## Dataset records
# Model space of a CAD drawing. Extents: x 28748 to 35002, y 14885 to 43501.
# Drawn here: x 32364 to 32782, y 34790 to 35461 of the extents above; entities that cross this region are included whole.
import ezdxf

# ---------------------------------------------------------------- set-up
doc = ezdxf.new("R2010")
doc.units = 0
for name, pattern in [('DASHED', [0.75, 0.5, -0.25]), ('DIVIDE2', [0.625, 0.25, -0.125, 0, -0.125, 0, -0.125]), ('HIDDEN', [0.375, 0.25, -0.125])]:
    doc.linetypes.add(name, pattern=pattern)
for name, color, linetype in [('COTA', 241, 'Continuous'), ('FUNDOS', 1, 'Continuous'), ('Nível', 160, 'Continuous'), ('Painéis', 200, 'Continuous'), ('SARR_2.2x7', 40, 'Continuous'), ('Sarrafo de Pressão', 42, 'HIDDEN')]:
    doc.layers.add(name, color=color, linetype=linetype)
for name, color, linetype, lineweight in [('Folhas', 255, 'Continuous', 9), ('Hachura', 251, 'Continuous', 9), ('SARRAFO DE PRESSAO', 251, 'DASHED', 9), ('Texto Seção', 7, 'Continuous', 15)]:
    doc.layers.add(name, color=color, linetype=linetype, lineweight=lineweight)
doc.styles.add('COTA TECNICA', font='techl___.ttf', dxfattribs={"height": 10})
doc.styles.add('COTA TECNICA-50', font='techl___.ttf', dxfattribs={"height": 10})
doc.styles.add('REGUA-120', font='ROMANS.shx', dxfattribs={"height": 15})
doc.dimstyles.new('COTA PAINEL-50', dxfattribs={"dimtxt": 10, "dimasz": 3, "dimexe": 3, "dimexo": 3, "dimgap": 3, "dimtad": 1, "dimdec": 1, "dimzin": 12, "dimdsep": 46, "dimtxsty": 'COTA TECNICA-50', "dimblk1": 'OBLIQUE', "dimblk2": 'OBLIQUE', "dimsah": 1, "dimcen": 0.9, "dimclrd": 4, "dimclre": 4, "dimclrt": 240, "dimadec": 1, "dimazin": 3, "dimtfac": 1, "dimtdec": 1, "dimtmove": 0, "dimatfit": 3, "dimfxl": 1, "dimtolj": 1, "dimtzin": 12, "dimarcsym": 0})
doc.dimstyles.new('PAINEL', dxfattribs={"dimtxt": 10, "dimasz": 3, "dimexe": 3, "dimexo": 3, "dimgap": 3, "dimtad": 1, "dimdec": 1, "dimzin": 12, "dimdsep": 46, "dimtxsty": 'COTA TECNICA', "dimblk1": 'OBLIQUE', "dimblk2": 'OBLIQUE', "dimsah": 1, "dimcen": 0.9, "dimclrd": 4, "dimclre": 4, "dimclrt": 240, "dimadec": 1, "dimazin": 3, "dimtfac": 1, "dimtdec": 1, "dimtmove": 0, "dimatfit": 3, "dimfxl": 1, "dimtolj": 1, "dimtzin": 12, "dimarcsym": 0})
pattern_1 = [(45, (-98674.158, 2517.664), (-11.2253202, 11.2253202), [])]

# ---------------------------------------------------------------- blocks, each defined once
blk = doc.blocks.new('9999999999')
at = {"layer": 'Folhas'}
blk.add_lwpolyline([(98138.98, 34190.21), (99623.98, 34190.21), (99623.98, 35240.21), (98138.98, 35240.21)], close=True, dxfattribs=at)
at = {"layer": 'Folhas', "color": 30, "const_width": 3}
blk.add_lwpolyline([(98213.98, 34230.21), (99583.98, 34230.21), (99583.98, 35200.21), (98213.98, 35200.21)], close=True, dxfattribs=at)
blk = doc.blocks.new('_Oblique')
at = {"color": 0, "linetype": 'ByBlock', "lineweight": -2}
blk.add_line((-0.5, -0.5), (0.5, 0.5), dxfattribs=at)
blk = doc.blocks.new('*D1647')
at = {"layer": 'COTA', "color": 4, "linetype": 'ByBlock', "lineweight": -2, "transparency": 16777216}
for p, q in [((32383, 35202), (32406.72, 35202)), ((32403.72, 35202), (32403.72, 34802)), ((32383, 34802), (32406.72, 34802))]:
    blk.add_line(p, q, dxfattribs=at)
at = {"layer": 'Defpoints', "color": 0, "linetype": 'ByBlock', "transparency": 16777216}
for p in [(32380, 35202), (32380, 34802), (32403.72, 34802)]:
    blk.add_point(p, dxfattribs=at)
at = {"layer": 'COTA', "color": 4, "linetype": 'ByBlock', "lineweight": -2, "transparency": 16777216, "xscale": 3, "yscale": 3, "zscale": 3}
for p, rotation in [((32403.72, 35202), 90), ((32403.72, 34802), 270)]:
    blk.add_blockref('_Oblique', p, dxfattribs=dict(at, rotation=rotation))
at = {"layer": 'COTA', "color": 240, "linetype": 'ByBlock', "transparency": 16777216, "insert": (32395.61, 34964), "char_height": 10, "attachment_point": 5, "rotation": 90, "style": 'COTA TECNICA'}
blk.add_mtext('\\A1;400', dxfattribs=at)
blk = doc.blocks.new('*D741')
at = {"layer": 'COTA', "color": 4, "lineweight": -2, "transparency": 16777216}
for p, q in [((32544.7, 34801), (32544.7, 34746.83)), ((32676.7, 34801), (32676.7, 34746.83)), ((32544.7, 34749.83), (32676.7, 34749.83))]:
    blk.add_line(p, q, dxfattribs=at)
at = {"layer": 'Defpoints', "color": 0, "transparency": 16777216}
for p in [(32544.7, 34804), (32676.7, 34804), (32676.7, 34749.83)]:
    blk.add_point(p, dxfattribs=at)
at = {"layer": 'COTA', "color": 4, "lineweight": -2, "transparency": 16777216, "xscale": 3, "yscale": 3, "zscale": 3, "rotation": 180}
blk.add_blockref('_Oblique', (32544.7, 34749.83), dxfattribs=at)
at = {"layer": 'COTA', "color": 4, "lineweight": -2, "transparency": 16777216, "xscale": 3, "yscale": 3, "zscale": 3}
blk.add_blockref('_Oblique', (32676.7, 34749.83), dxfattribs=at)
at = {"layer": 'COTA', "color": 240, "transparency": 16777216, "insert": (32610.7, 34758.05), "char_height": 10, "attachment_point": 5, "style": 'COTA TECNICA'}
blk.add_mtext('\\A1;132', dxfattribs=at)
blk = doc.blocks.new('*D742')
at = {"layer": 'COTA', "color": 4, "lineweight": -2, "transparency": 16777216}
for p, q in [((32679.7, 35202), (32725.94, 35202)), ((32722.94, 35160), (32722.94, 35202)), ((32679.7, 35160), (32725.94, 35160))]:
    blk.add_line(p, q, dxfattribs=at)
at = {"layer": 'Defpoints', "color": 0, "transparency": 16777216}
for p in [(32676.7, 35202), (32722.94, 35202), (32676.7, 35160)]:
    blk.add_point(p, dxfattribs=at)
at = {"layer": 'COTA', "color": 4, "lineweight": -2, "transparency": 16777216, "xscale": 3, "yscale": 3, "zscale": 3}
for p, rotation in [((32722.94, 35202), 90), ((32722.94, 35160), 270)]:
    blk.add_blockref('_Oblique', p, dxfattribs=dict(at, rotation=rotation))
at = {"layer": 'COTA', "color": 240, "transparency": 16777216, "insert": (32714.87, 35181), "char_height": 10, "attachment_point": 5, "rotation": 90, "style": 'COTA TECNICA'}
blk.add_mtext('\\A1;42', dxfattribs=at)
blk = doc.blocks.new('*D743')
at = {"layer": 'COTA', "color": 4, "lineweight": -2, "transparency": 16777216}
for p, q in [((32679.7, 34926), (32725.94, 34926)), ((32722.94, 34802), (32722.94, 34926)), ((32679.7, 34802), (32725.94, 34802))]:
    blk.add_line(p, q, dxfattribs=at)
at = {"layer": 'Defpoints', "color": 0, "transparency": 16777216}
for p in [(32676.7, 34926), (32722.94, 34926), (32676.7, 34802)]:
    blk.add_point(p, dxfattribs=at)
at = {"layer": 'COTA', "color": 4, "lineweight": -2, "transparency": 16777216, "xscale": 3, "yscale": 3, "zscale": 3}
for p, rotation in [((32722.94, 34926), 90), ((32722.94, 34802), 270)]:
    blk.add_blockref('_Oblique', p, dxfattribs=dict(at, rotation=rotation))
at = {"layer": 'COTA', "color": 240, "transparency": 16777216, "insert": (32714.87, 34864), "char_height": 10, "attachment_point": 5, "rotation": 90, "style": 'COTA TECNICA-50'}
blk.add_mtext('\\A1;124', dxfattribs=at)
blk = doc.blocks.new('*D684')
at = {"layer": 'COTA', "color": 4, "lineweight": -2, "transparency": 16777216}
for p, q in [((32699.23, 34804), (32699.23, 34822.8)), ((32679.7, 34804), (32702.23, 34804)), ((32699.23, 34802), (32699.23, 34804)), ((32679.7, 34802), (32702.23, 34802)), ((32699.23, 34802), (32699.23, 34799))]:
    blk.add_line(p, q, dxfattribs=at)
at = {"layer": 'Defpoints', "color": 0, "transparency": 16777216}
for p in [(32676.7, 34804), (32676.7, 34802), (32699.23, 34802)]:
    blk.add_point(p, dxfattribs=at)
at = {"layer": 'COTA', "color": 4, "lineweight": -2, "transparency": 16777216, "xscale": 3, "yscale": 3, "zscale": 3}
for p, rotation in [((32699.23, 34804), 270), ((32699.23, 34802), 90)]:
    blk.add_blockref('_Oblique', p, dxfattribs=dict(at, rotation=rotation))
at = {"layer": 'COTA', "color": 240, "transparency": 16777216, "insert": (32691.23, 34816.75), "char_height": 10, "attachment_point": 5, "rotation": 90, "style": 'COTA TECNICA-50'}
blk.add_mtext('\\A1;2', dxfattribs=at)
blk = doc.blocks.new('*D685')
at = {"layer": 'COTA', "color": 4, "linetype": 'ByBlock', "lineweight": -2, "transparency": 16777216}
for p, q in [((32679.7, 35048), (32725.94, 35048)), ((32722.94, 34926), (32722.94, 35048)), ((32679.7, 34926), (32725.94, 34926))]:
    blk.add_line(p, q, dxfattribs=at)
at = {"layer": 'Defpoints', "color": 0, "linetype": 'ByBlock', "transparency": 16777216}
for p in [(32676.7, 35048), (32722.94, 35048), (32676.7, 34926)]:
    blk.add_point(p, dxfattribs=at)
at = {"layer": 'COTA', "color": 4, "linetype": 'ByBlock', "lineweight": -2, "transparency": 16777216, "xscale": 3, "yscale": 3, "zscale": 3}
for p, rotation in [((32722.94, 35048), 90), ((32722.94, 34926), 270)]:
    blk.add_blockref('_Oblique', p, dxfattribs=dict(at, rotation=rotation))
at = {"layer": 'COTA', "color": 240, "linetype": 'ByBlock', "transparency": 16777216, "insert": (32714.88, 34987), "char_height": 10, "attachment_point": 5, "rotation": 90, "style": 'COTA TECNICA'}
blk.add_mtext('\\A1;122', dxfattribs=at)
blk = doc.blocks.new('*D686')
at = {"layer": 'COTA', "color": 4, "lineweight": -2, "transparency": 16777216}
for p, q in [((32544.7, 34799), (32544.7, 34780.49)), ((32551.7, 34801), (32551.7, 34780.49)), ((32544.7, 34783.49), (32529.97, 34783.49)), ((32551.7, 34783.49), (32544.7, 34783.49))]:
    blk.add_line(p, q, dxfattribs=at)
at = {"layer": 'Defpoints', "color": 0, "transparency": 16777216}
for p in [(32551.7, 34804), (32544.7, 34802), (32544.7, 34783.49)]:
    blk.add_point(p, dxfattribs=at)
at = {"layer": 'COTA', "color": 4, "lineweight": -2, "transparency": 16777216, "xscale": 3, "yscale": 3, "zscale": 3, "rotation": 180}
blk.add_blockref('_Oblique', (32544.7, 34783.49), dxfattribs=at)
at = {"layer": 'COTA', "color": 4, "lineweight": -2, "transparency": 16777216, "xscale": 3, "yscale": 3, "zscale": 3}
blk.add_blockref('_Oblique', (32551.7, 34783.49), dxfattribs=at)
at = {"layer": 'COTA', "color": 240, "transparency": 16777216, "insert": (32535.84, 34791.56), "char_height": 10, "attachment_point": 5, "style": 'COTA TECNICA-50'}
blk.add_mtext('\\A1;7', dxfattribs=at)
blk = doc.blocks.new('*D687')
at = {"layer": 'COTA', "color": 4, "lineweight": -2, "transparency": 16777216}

## PROBLEM
Beginning at the line above with "for name, pattern" and finishing at the line with "doc.linetypes.add(name, pattern=pattern)", return each line exactly and return nothing else.

## EXERCISE ANSWER
for name, pattern in [('DASHED', [0.75, 0.5, -0.25]), ('DIVIDE2', [0.625, 0.25, -0.125, 0, -0.125, 0, -0.125]), ('HIDDEN', [0.375, 0.25, -0.125])]:
    doc.linetypes.add(name, pattern=pattern)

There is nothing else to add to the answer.